Harness SEI SLIs
This is a Harness operational reference guide for all the Service Level Indicators (SLIs) across the Harness Software Engineering Insights module. Our SLO gets calculated based on these user centric SLIs.
Weightage factor
Harness operations apply a weighting factor to the SLIs post any incidents.
- Major outage = 100% of the downtime hit
- Partial = 30% of the downtime hit
- Degraded performance = None. This is because our stance is that a degraded performance does impact the user experience but it’s not technically downtime.

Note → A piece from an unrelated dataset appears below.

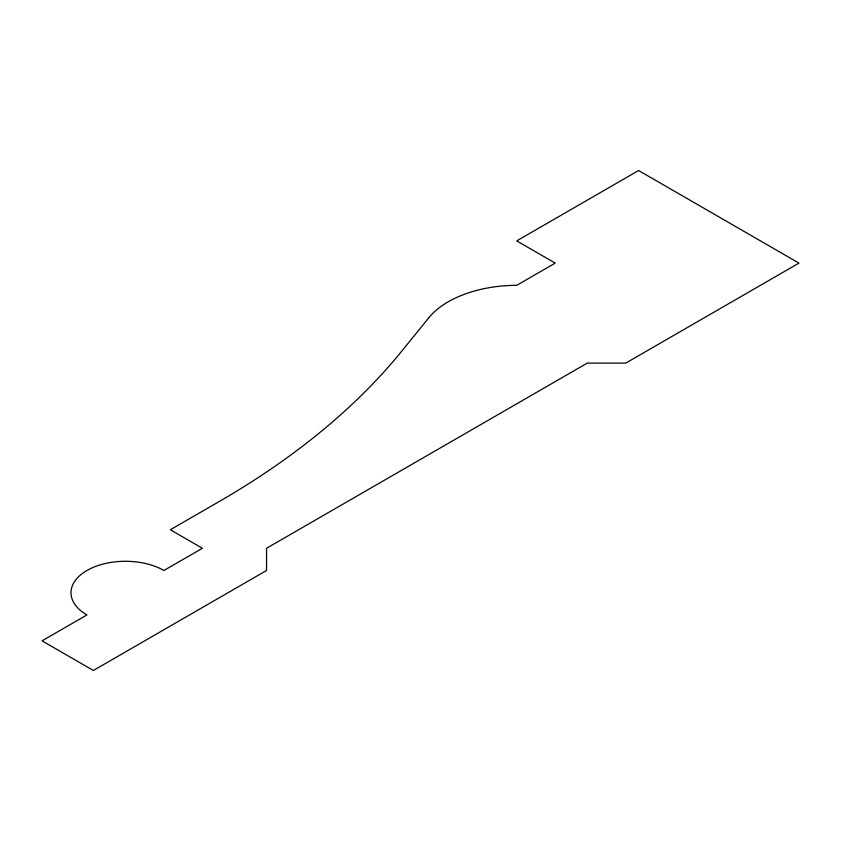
<?xml version="1.0" encoding="UTF-8"?>
<svg xmlns="http://www.w3.org/2000/svg" width="841" height="841" viewBox="0 0 841 841"><rect width="100%" height="100%" fill="white"/><g stroke="black" fill="none" stroke-linecap="round" stroke-linejoin="round"><path stroke-width="1.26" d="M428.784 317.793L401.777 351.107A921.305 531.911 0 0 1 221.656 500.122L170.334 529.746L202.408 548.269L163.921 570.482A54.423 31.422 0 0 0 86.949 570.482A54.423 31.422 0 0 0 86.949 614.929L42.05 640.853L93.362 670.477L266.555 570.482L266.555 548.269L587.27 363.102L625.757 363.102L798.95 263.107L638.592 170.523L516.721 240.894L555.207 263.107L516.721 285.33A97.588 56.347 0 0 0 428.784 317.793"/></g></svg>

A production incident, commonly known as an "incident," is an unexpected event or problem that arises within our live production environments, resulting in either complete or partial service disruptions. In the case of a partial incident, it renders one or more functions of a module nonfunctional or inaccessible. All production incidents are posted in our status page (https://status.harness.io) and our users can subscribe to the feeds from this site to get notified.
SEI SLIs
SLI | Threshold | Availability |
---|---|---|
APIs Error rate | More than 5% over 5 min rolling window | Major outage |
API Response Time | 95th percentile: > 2s over 5 min rolling window | Degraded performance |
Ingestion & data processing delay | Delay of more than 72 hours for the latest data to appear on the dashboard. This threshold excludes delays caused by pending customer actions. In the event of failures, processing historical data may take additional time depending on the volume of data that needs to be backfilled. | Degraded performance |
Changes, upgrades, or issues in third-party integrations can sometimes lead to delays in data ingestion and processing.
While these delays do not indicate an internal failure, they can affect the timeliness of data availability. To address this, our system will send in-product notifications to keep users informed, ensuring transparency and reducing any unnecessary concerns.